Raw data START
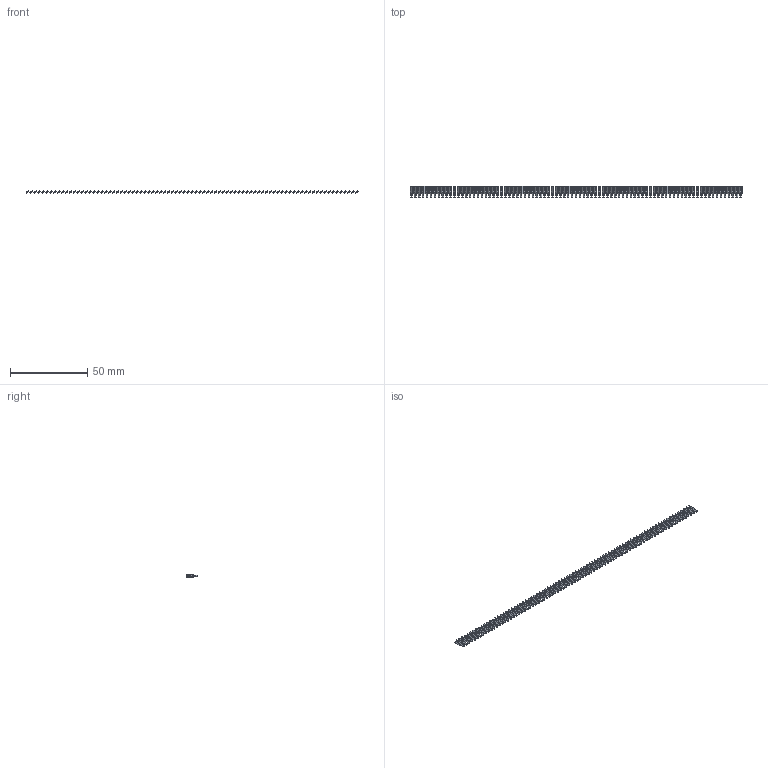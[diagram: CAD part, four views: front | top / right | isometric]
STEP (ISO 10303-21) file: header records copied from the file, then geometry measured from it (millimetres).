
FILE_DESCRIPTION (( 'STEP AP203' ), '1' );
FILE_NAME ('106-085-253-100.STEP', '2020-04-16T22:57:39', ( '' ), ( '' ), 'SwSTEP 2.0', 'SolidWorks 2016', '' );
FILE_SCHEMA (( 'CONFIG_CONTROL_DESIGN' ));
Length unit declared in the file: inch
Products named in the file (2): 100-290-001_100-290-253; 106-085-253-100
Assembly tree (85 placements, depth 2):
  106-085-253-100
    100-290-001_100-290-253  x85
Bounding box: 215.16 x 7.62 x 1.8 mm (x, y, z)
Volume: 469 mm3; surface area: 2924.6 mm2
Topology: 85 solids, 85 shells, 1700 faces, 4590 edges, 3060 vertices
Faces by surface type: plane 1615, cylinder 85
Entity records: 3508 total; most frequent: DIRECTION 272, CARTESIAN_POINT 198, CALENDAR_DATE 180, LOCAL_TIME 180, COORDINATED_UNIVERSAL_TIME_OFFSET 180, DATE_AND_TIME 180, AXIS2_PLACEMENT_3D 110, ORIENTED_EDGE 108
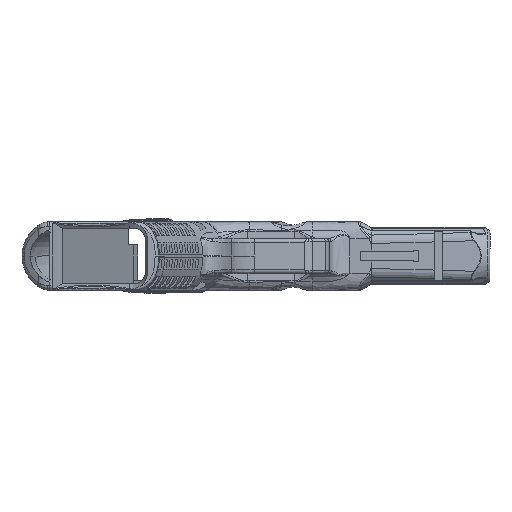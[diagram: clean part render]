
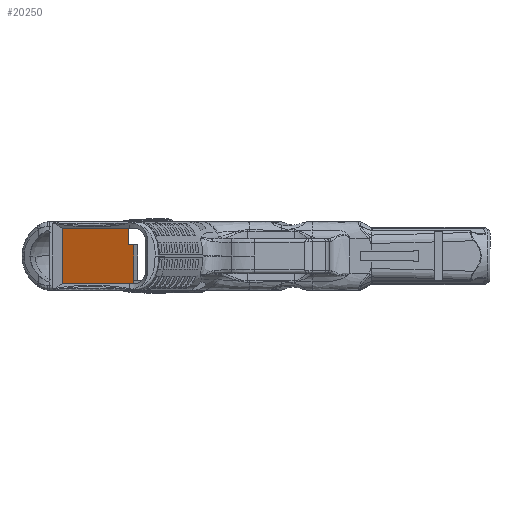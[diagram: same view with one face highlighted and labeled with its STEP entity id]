
A CAD part, front view. The second image highlights one B-rep face of the part: STEP entity #20250.
In plain terms, the highlighted planar face has unit normal (0.95, -0.311, 0).
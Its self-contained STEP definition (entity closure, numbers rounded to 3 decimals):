
#580=PLANE('',#21538);
#2908=FACE_OUTER_BOUND('',#4125,.T.);
#4125=EDGE_LOOP('',(#14632,#14633,#14634,#14635,#14636,#14637,#14638,#14639,
#14640,#14641,#14642));
#5301=LINE('',#34542,#6523);
#5313=LINE('',#35303,#6535);
#5354=LINE('',#42689,#6576);
#5384=LINE('',#45547,#6606);
#5385=LINE('',#45549,#6607);
#5386=LINE('',#45551,#6608);
#5387=LINE('',#45553,#6609);
#5388=LINE('',#45555,#6610);
#5389=LINE('',#45557,#6611);
#5390=LINE('',#45559,#6612);
#5391=LINE('',#45560,#6613);
#6523=VECTOR('',#23052,10.);
#6535=VECTOR('',#23108,10.);
#6576=VECTOR('',#23311,10.);
#6606=VECTOR('',#23455,1.);
#6607=VECTOR('',#23456,10.);
#6608=VECTOR('',#23457,1.);
#6609=VECTOR('',#23458,1.);
#6610=VECTOR('',#23459,1.);
#6611=VECTOR('',#23460,1.);
#6612=VECTOR('',#23461,1.);
#6613=VECTOR('',#23462,1.);
#8376=VERTEX_POINT('',#34539);
#8377=VERTEX_POINT('',#34541);
#8403=VERTEX_POINT('',#35300);
#8404=VERTEX_POINT('',#35302);
#8618=VERTEX_POINT('',#45546);
#8619=VERTEX_POINT('',#45548);
#8620=VERTEX_POINT('',#45550);
#8621=VERTEX_POINT('',#45552);
#8622=VERTEX_POINT('',#45554);
#8623=VERTEX_POINT('',#45556);
#8624=VERTEX_POINT('',#45558);
#10536=EDGE_CURVE('',#8377,#8376,#5301,.T.);
#10577=EDGE_CURVE('',#8403,#8404,#5313,.T.);
#10778=EDGE_CURVE('',#8376,#8404,#5354,.T.);
#10904=EDGE_CURVE('',#8403,#8618,#5384,.T.);
#10905=EDGE_CURVE('',#8618,#8619,#5385,.T.);
#10906=EDGE_CURVE('',#8620,#8619,#5386,.T.);
#10907=EDGE_CURVE('',#8621,#8620,#5387,.T.);
#10908=EDGE_CURVE('',#8621,#8622,#5388,.T.);
#10909=EDGE_CURVE('',#8622,#8623,#5389,.T.);
#10910=EDGE_CURVE('',#8624,#8623,#5390,.T.);
#10911=EDGE_CURVE('',#8377,#8624,#5391,.T.);
#14632=ORIENTED_EDGE('',*,*,#10904,.T.);
#14633=ORIENTED_EDGE('',*,*,#10905,.T.);
#14634=ORIENTED_EDGE('',*,*,#10906,.F.);
#14635=ORIENTED_EDGE('',*,*,#10907,.F.);
#14636=ORIENTED_EDGE('',*,*,#10908,.T.);
#14637=ORIENTED_EDGE('',*,*,#10909,.T.);
#14638=ORIENTED_EDGE('',*,*,#10910,.F.);
#14639=ORIENTED_EDGE('',*,*,#10911,.F.);
#14640=ORIENTED_EDGE('',*,*,#10536,.T.);
#14641=ORIENTED_EDGE('',*,*,#10778,.T.);
#14642=ORIENTED_EDGE('',*,*,#10577,.F.);
#20250=ADVANCED_FACE('',(#2908),#580,.T.);
#21538=AXIS2_PLACEMENT_3D('',#45545,#23453,#23454);
#23052=DIRECTION('',(0.294,0.897,-0.329));
#23108=DIRECTION('',(0.294,0.897,0.329));
#23311=DIRECTION('',(0.,0.,-1.));
#23453=DIRECTION('center_axis',(0.95,-0.311,0.));
#23454=DIRECTION('ref_axis',(0.,0.,
1.));
#23455=DIRECTION('',(0.311,0.95,0.));
#23456=DIRECTION('',(0.,0.,1.));
#23457=DIRECTION('',(0.311,0.95,0.));
#23458=DIRECTION('',(0.311,0.95,0.));
#23459=DIRECTION('',(0.,0.,1.));
#23460=DIRECTION('',(-0.311,-0.95,0.));
#23461=DIRECTION('',(0.,0.,-1.));
#23462=DIRECTION('',(0.311,0.95,0.));
#34539=CARTESIAN_POINT('',(2.433,-97.677,11.632));
#34541=CARTESIAN_POINT('',(2.327,-98.,11.75));
#34542=CARTESIAN_POINT('',(3.562,-94.228,10.367));
#35300=CARTESIAN_POINT('',(2.327,-98.,-11.75));
#35302=CARTESIAN_POINT('',(2.433,-97.677,-11.632));
#35303=CARTESIAN_POINT('',(3.562,-94.228,-10.367));
#42689=CARTESIAN_POINT('',(2.433,-97.677,-18.375));
#45545=CARTESIAN_POINT('Origin',(2.,-99.,-11.75));
#45546=CARTESIAN_POINT('',(32.453,-5.968,-11.75));
#45547=CARTESIAN_POINT('',(2.,-99.,-11.75));
#45548=CARTESIAN_POINT('',(32.453,-5.968,-10.375));
#45549=CARTESIAN_POINT('',(32.453,-5.968,-5.875));
#45550=CARTESIAN_POINT('',(32.448,-5.981,-10.375));
#45551=CARTESIAN_POINT('',(32.119,-6.987,-10.375));
#45552=CARTESIAN_POINT('',(32.448,-5.982,-10.375));
#45553=CARTESIAN_POINT('',(32.119,-6.987,-10.375));
#45554=CARTESIAN_POINT('',(32.448,-5.982,4.75));
#45555=CARTESIAN_POINT('',(32.448,-5.982,-11.75));
#45556=CARTESIAN_POINT('',(30.347,-12.4,4.75));
#45557=CARTESIAN_POINT('',(18.858,-47.499,4.75));
#45558=CARTESIAN_POINT('',(30.347,-12.4,11.75));
#45559=CARTESIAN_POINT('',(30.347,-12.4,2.982));
#45560=CARTESIAN_POINT('',(2.,-99.,11.75));
Raw data END
What is being asked: Of the records above, print only the lines from the one containing "Volume: 469 mm3; surface area: 2924.6 mm2" through the one containing "[diagram: same view", inclusive and unaltered, leaving out pictures.

Written response:
Volume: 469 mm3; surface area: 2924.6 mm2
Topology: 85 solids, 85 shells, 1700 faces, 4590 edges, 3060 vertices
Faces by surface type: plane 1615, cylinder 85
Entity records: 3508 total; most frequent: DIRECTION 272, CARTESIAN_POINT 198, CALENDAR_DATE 180, LOCAL_TIME 180, COORDINATED_UNIVERSAL_TIME_OFFSET 180, DATE_AND_TIME 180, AXIS2_PLACEMENT_3D 110, ORIENTED_EDGE 108
[diagram: clean part render]
[diagram: same view with one face highlighted and labeled with its STEP entity id]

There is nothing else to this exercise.